Just bought a 1988, 35hp Force ouboard engine, never heard of it. Is it a Mercury or a Chrysler. I have been out of the loop a few years, has Mercury bought Chrysler, they also mentioned that Mariner was the same thing, is that true? Any insite would be appreciated, does anyone know where I could get ahold of a owners manual? How about fuel mixtures?

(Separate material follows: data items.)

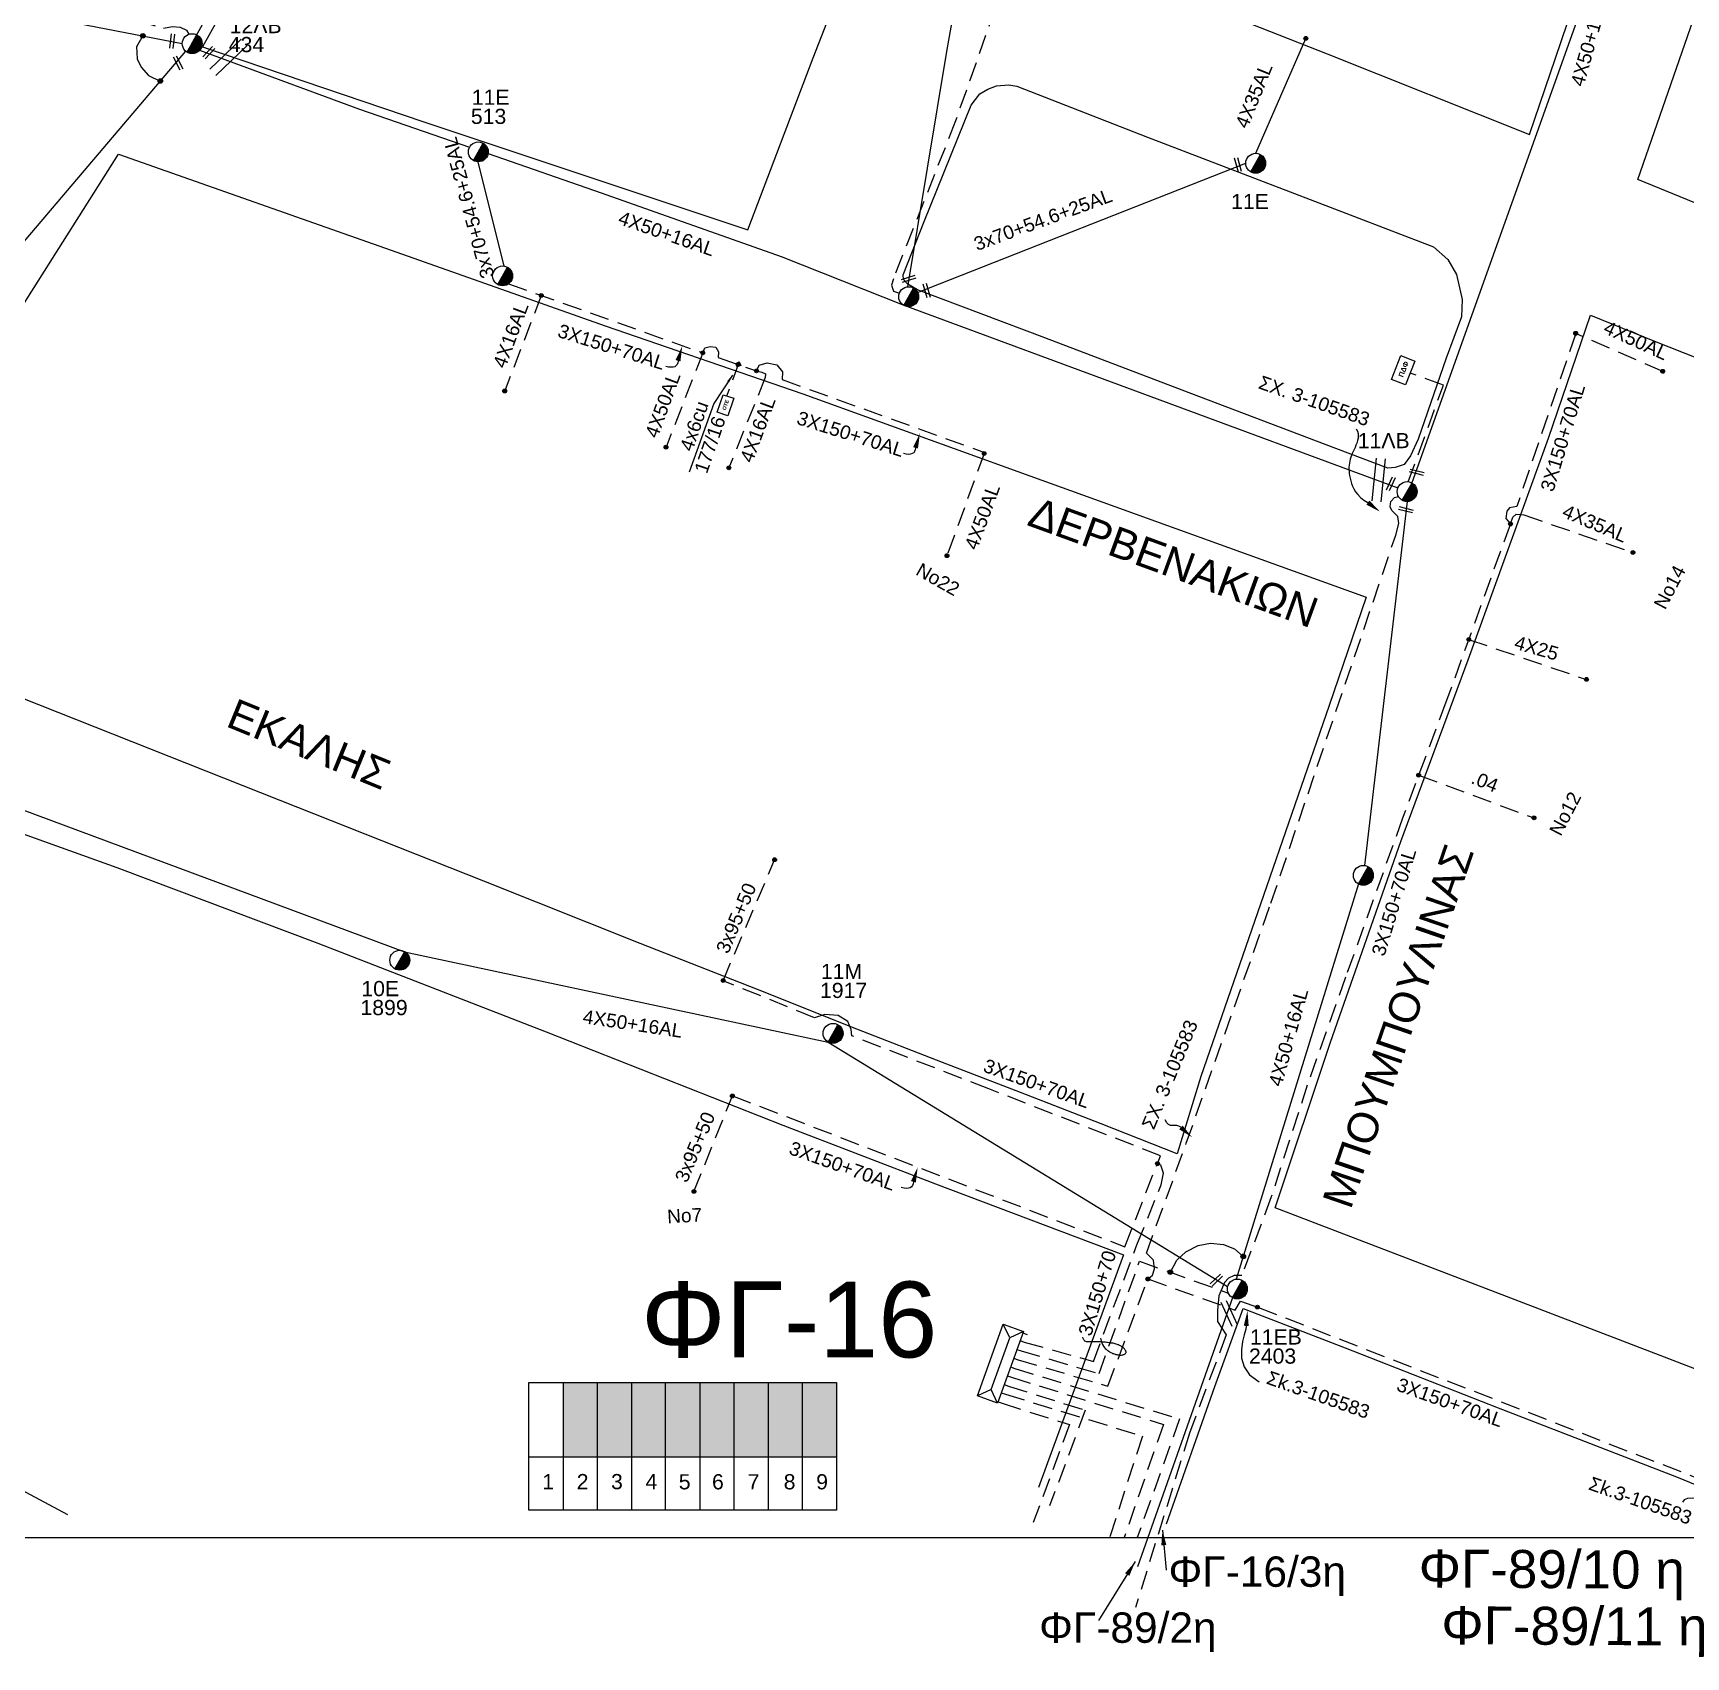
# Model space of a CAD drawing. Header units: millimetres. Extents: x 751 to 1825, y 358 to 872.
# Drawn here: x 1316.4 to 1425.2, y 362 to 469 of the extents above; entities that cross this region are included whole.
import ezdxf

# ---------------------------------------------------------------- set-up
doc = ezdxf.new("R2010")
doc.units = ezdxf.units.MM
doc.linetypes.add('DASHED', pattern=[19.05, 12.7, -6.35])
for name, color, linetype in [('Pillar (ΠΔΦ) Δημοτικού Φωτισμού', 7, 'Continuous'), ('Pillar OTE', 7, 'Continuous'), ('Άγνωστα', 7, 'Continuous'), ('Γέφυρες Εναέριου Δικτύου', 7, 'Continuous'), ('Γυμνά εναέρια ΧΤ (3Φ)   4x35AL', 7, 'Continuous'), ('Γυμνά εναέρια ΧΤ και ΦΟΠ (3Φ)   3x35+35+16CU', 7, 'Continuous'), ('Γυμνά εναέρια ΧΤ και ΦΟΠ (3Φ)   4x50+16AL', 7, 'Continuous'), ('Επιγραφές - Σχήματα', 7, 'Continuous'), ('Καλώδια ΧΤ   3x150+50AL XLPE', 7, 'DASHED'), ('Καλώδια ΧΤ   3x95+50 AL XLPE', 7, 'DASHED'), ('Καλώδια ΧΤ   4x6AL', 7, 'DASHED'), ('Μηχανική τομή', 7, 'Continuous'), ('Στύλος ΦΜ', 7, 'Continuous'), ('Στύλος ΦΜ @ 1', 7, 'Continuous'), ('Συνδέσεις', 7, 'Continuous'), ('Συνεστραμμένα ΧΤ   3x70+54.6+25 AL', 7, 'SYN_LINE'), ('Τομή', 7, 'Continuous'), ('Υποσταθμός πόλεως', 7, 'Continuous'), ('Υπόβαθρο ΔΕΗ', 7, 'Continuous'), ('Υπόγεια Καλώδια Δικτύου ΧΤ   .04', 7, 'DASHED'), ('Υπόγεια καλώδια Δικτύου ΧΤ και Παρ. ΧΤ - 3X150+70 AL', 7, 'DASHED'), ('Υπόγεια καλώδια Παροχών ΧΤ   4x16AL', 7, 'DASHED'), ('Υπόγεια καλώδια Παροχών ΧΤ   4x25', 7, 'DASHED'), ('Υπόγεια καλώδια Παροχών ΧΤ   4x50AL', 7, 'DASHED'), ('Υπόγεια καλώδια Παροχών ΧΤ   4x6', 7, 'DASHED')]:
    doc.layers.add(name, color=color, linetype=linetype)
doc.styles.add('arial', font='arial.ttf')
doc.styles.get("Standard").update_dxf_attribs({"font": 'arial.ttf'})
doc.linetypes.add('SYN_LINE', pattern='A,0.5,-0.0001,["/\\/\\/\\/",Standard,S=0.1,R=0,X=0,Y=-0.05],-0.25', length=0.7501)
doc.dimstyles.new('ISO-25', dxfattribs={"dimtxt": 2.5, "dimasz": 2.5, "dimexe": 1.25, "dimexo": 0.625, "dimtad": 1, "dimtxsty": 'Standard', "dimcen": 2.5, "dimadec": 0, "dimazin": 0, "dimtfac": 1, "dimtmove": 0, "dimatfit": 3, "dimfxl": 1, "dimarcsym": 0})

# ---------------------------------------------------------------- blocks, each defined once
blk = doc.blocks.new('ΥΠΑΡΧΩΝ ΤΣΙΜΕΝΤΕΝΙΟΣ ΣΤΥΛΟΣ')
at = {"layer": 'Στύλος ΦΜ'}
blk.add_hatch(color=256, dxfattribs=at).paths.add_polyline_path([(-1.29, -2.28, 0.574793), (2.62, 0, 0.268822), (1.3, 2.27)])
blk.add_line((-1.29, -2.28), (1.3, 2.27), dxfattribs=at)
blk.add_circle((0, 0), 2.62, dxfattribs=at)
at = {"layer": 'Στύλος ΦΜ', "flags": 4}
for tag, p in [('ΑΡΙΘΜΟΣ', (-4.68, 8.05)), ('ΤΥΠΟΣ', (-4.91, 3.03))]:
    blk.add_attdef(tag, p, '', height=4, dxfattribs=at)
blk = doc.blocks.new('_ΣΥΝΔΕΣΗ')
at = {"layer": 'Συνδέσεις', "linetype": 'SYN_LINE', "ltscale": 40}
blk.add_hatch(color=256, dxfattribs=at).paths.add_polyline_path([(0.5, -0.01, 1), (-0.5, -0.01, 1)])
at = {"layer": 'Συνδέσεις'}
blk.add_circle((0, -0.01), 0.5, dxfattribs=at)
blk = doc.blocks.new('ΜΗΧΑΝΙΚΗ ΤΟΜΗ')
at = {"layer": 'Μηχανική τομή', "ltscale": 40}
for p, q in [((-1.89, 0.78), (1.89, 0.78)), ((1.89, 0), (-1.89, 0))]:
    blk.add_line(p, q, dxfattribs=at)
blk = doc.blocks.new('ΤΟΜΗ')
at = {"layer": 'Τομή', "ltscale": 40}
for p, q in [((-5.68, 0), (5.68, 0)), ((5.68, -2.33), (-5.68, -2.33))]:
    blk.add_line(p, q, dxfattribs=at)
blk = doc.blocks.new('PILLAR ΔΗΜΟΤΙΚΟΥ ΦΩΤΙΣΜΟΥ')
at = {"layer": 'Pillar (ΠΔΦ) Δημοτικού Φωτισμού', "ltscale": 40}
for p, q in [((-3.64, 2), (3.07, 2)), ((-3.64, -2), (-3.64, 2)), ((3.07, 2), (3.07, -2)), ((3.07, -2), (-3.64, -2))]:
    blk.add_line(p, q, dxfattribs=at)
at = {"layer": 'Pillar (ΠΔΦ) Δημοτικού Φωτισμού', "insert": (-2.13, 0.69), "char_height": 1.3575, "width": 109.961, "attachment_point": 1}
blk.add_mtext('{\\fArial|b1|i0|c161|p34;ΠΔΦ}', dxfattribs=at)
blk = doc.blocks.new('ΥΠΟΣΤΑΘΜΟΣ ΠΟΛΕΩΣ 9 ΑΝΑΧΩΡΗΣΕΩΝ')
at = {"layer": 'Υποσταθμός πόλεως', "ltscale": 40}
for p, q in [((-9.63, -2.82), (-9.63, -4)), ((-7.12, -2.82), (-7.12, -4)), ((-4.84, -2.82), (-4.84, -4)), ((-2.36, -2.82), (-2.36, -4)), ((0.09, -2.82), (0.09, -4)), ((2.55, -2.82), (2.55, -4)), ((5.02, -2.82), (5.02, -4)), ((7.48, -2.82), (7.48, -4)), ((9.61, -2.82), (9.61, -4))]:
    blk.add_line(p, q, dxfattribs=at)
blk.add_lwpolyline([(-10.02, 2.82), (10.02, 2.82), (10.02, -2.82), (-10.02, -2.82)], close=True, dxfattribs=at)
for points in [[(-7.21, 0), (-10.02, 2.82)], [(-10.02, -2.82), (-7.21, 0)], [(-7.21, 0), (7.21, 0)], [(7.21, 0), (10.02, 2.82)], [(10.02, -2.82), (7.21, 0)]]:
    blk.add_lwpolyline(points, dxfattribs=at)
at = {"layer": 'Υποσταθμός πόλεως', "linetype": 'SYN_LINE', "ltscale": 40, "flags": 1}
for tag, p in [('ΜΕΤΑΣΧΗΜΑΤΙΣΜΟΣ', (10.79, 1.71)), ('ΙΣΧΥΣ', (10.77, -1.08)), ('ΑΡΙΘΜΟΣ', (10.89, -3.8))]:
    blk.add_attdef(tag, p, '', height=1.8, dxfattribs=at)
blk = doc.blocks.new('PILLAR ΟΤΕ')
at = {"layer": 'Pillar OTE', "ltscale": 40}
blk.add_lwpolyline([(-3.31, 2.02), (3.39, 2.02), (3.39, -1.99), (-3.31, -1.99)], close=True, dxfattribs=at)
at = {"layer": 'Pillar OTE', "insert": (-1.81, 0.71), "char_height": 1.3575, "width": 109.961, "attachment_point": 1}
blk.add_mtext('{\\fArial|b1|i0|c161|p34;OTE}', dxfattribs=at)
blk = doc.blocks.new('TSONTA XT1')
at = {"ltscale": 40}
h = blk.add_hatch(color=256, dxfattribs=at)
h.dxf.hatch_style = 1
h.paths.add_polyline_path([(595.96, 2487.66), (597.07, 2488.77), (595.96, 2489.87), (594.85, 2488.77)])
blk.add_lwpolyline([(594.85, 2488.77), (595.96, 2489.87), (597.07, 2488.77), (595.96, 2487.66)], close=True, dxfattribs=at)

msp = doc.modelspace()

# ---------------------------------------------------------------- hatches: boundary and pattern name
at = {"layer": 'Καλώδια ΧΤ   3x150+50AL XLPE', "linetype": 'DASHED', "ltscale": 0.1}
h = msp.add_hatch(color=27, dxfattribs=at)
h.dxf.hatch_style = 1
h.paths.add_polyline_path([(1353.55, 380.11), (1351.3, 380.11), (1351.3, 375.2), (1353.55, 375.2)])
h = msp.add_hatch(color=151, dxfattribs=at)
h.dxf.hatch_style = 1
h.paths.add_polyline_path([(1355.8, 380.11), (1353.55, 380.11), (1353.55, 375.2), (1355.8, 375.2)])
h = msp.add_hatch(color=30, dxfattribs=at)
h.dxf.hatch_style = 1
h.paths.add_polyline_path([(1358.05, 375.2), (1358.05, 380.11), (1355.8, 380.11), (1355.8, 375.2)])
h = msp.add_hatch(color=173, dxfattribs=at)
h.dxf.hatch_style = 1
h.paths.add_polyline_path([(1358.05, 375.2), (1360.3, 375.2), (1360.3, 380.11), (1358.05, 380.11)])
h = msp.add_hatch(color=1, dxfattribs=at)
h.dxf.hatch_style = 1
h.paths.add_polyline_path([(1362.55, 380.11), (1360.3, 380.11), (1360.3, 375.2), (1362.55, 375.2)])
h = msp.add_hatch(color=62, dxfattribs=at)
h.dxf.hatch_style = 1
h.paths.add_polyline_path([(1362.55, 375.2), (1364.8, 375.2), (1364.8, 380.11), (1362.55, 380.11)])
h = msp.add_hatch(color=85, dxfattribs=at)
h.dxf.hatch_style = 1
h.paths.add_polyline_path([(1367.05, 375.2), (1367.05, 380.11), (1364.8, 380.11), (1364.8, 375.2)])
h = msp.add_hatch(color=133, dxfattribs=at)
h.dxf.hatch_style = 1
h.paths.add_polyline_path([(1367.05, 375.2), (1369.3, 375.2), (1369.3, 380.11), (1367.05, 380.11)])

# ---------------------------------------------------------------- linework, layer by layer
at = {"layer": 'Άγνωστα', "color": 173, "linetype": 'DASHED', "ltscale": 0.1}
msp.add_lwpolyline([(1381.05, 381.02), (1391.9, 377.7), (1389.11, 369.88)], dxfattribs=at)
at = {"layer": 'Άγνωστα', "color": 133, "linetype": 'DASHED', "ltscale": 0.1}
msp.add_lwpolyline([(1380.63, 379.86), (1385.69, 378.27), (1383.34, 371.97)], dxfattribs=at)
at = {"layer": 'Άγνωστα', "color": 151, "linetype": 'DASHED', "ltscale": 0.1}
msp.add_lwpolyline([(1380.84, 380.44), (1390.83, 377.34), (1388.25, 369.88)], dxfattribs=at)
at = {"layer": 'Άγνωστα', "color": 27, "linetype": 'DASHED', "ltscale": 0.1}
msp.add_lwpolyline([(1380.44, 379.32), (1389.45, 376.57), (1387.29, 369.88)], dxfattribs=at)
at = {"layer": 'Άγνωστα', "color": 30, "linetype": 'DASHED', "ltscale": 0.1}
msp.add_lwpolyline([(1380.22, 378.73), (1384.65, 377.33), (1382.26, 370.87)], dxfattribs=at)
at = {"layer": 'Γέφυρες Εναέριου Δικτύου', "ltscale": 0.1}
for points in [[(1323.63, 468.82), (1323.22, 468.09), (1323.26, 467.31), (1323.52, 466.76), (1324, 466.21), (1324.78, 465.83)], [(1391.29, 387.36), (1391.71, 388.16), (1392.32, 388.71), (1393.13, 389.13), (1393.93, 389.27), (1394.8, 389.19), (1395.51, 388.91), (1396.09, 388.41)]]:
    msp.add_lwpolyline(points, dxfattribs=at)
at = {"layer": 'Γυμνά εναέρια ΧΤ (3Φ)   4x35AL', "color": 133, "linetype": 'SYN_LINE', "ltscale": 10}
msp.add_lwpolyline([(1396.91, 461.08), (1400.21, 468.65)], dxfattribs=at)
at = {"layer": 'Γυμνά εναέρια ΧΤ (3Φ)   4x35AL', "color": 5, "linetype": 'DASHED', "ltscale": 0.1}
msp.add_lwpolyline([(1413.68, 436.66), (1413.85, 437.1), (1414.07, 437.3), (1414.57, 437.25), (1421.75, 434.78)], dxfattribs=at)
at = {"layer": 'Γυμνά εναέρια ΧΤ και ΦΟΠ (3Φ)   3x35+35+16CU', "linetype": 'Continuous', "ltscale": 80}
for points in [[(1349.05, 371.68), (1349.05, 380.11), (1369.3, 380.11), (1369.3, 371.68), (1349.05, 371.68)], [(1351.3, 380.11), (1351.3, 371.68)], [(1353.55, 380.11), (1353.55, 371.68)], [(1355.8, 380.11), (1355.8, 371.68)], [(1358.05, 371.68), (1358.05, 380.11)], [(1360.3, 380.11), (1360.3, 371.68)], [(1362.55, 380.11), (1362.55, 371.68)], [(1364.8, 380.11), (1364.8, 371.68)], [(1367.05, 380.11), (1367.05, 371.68)], [(1349.05, 375.2), (1369.3, 375.2)]]:
    msp.add_lwpolyline(points, dxfattribs=at)
at = {"layer": 'Γυμνά εναέρια ΧΤ και ΦΟΠ (3Φ)   4x50+16AL', "color": 133, "linetype": 'Continuous', "ltscale": 0.1}
msp.add_lwpolyline([(1374, 452.29), (1376.59, 467.91), (1379.46, 484.03), (1383.29, 506.48)], dxfattribs=at)
at = {"layer": 'Γυμνά εναέρια ΧΤ και ΦΟΠ (3Φ)   4x50+16AL', "color": 1, "ltscale": 0.1}
for points in [[(1338.1, 488.37), (1335.59, 484.03), (1326.8, 468.21)], [(1406.88, 438.14), (1404.08, 414.16)], [(1403.68, 412.94), (1395.62, 386.91)]]:
    msp.add_lwpolyline(points, dxfattribs=at)
at = {"layer": 'Γυμνά εναέρια ΧΤ και ΦΟΠ (3Φ)   4x50+16AL', "color": 5, "ltscale": 0.1}
for points in [[(1276.94, 477.83), (1326.22, 468.32)], [(1293.53, 429.05), (1326.46, 467.8)]]:
    msp.add_lwpolyline(points, dxfattribs=at)
at = {"layer": 'Γυμνά εναέρια ΧΤ και ΦΟΠ (3Φ)   4x50+16AL', "color": 30, "ltscale": 0.1}
msp.add_lwpolyline([(1420.33, 476.22), (1407.2, 439.36)], dxfattribs=at)
at = {"layer": 'Γυμνά εναέρια ΧΤ και ΦΟΠ (3Φ)   4x50+16AL', "color": 62, "ltscale": 0.1}
for points in [[(1327.37, 467.87), (1337.89, 463.99), (1345.14, 461.48)], [(1346.36, 461.06), (1353.81, 458.48), (1365.67, 454.28), (1373.74, 451.07)], [(1373.74, 451.07), (1406.27, 439.04)]]:
    msp.add_lwpolyline(points, dxfattribs=at)
at = {"layer": 'Γυμνά εναέρια ΧΤ και ΦΟΠ (3Φ)   4x50+16AL', "color": 85, "ltscale": 0.1}
msp.add_lwpolyline([(1314.78, 418.17), (1340.87, 408.48), (1368.76, 402.53), (1395.06, 386.42)], dxfattribs=at)
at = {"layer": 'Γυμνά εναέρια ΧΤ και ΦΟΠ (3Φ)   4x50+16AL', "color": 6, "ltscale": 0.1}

Thanks Mike


----------



## tommyj3 (Sep 16, 2006)

The only thing I can help you with is, Force, Mariner, and Mercury are all made by:

Brunswick Marine Power
1939 Pioneer Road
Fond du Lac, Wisconson 54935

I would give you specs but my service manual only goes up to 15hp on the Force, 25hp on Mariner, and 25hp on Mercury

Sorry Tom


----------



## hankster (Jan 1, 1998)

They started out as Chrysler Marine.
They became a part of US Marine (Bayliner)
They were bought by Brunswick-makers of Mercury.
They are no longer made.

In 1988 they were made by US Marine.


----------



## geogrubb (Jul 28, 2006)

There is a manual listed on ebay. Have a nice day. Geo


----------



## tommyj3 (Sep 16, 2006)

Fuel/Oil Ratio is 50:1. Looks like there's still parts available for the Force outboards.

Good luck


----------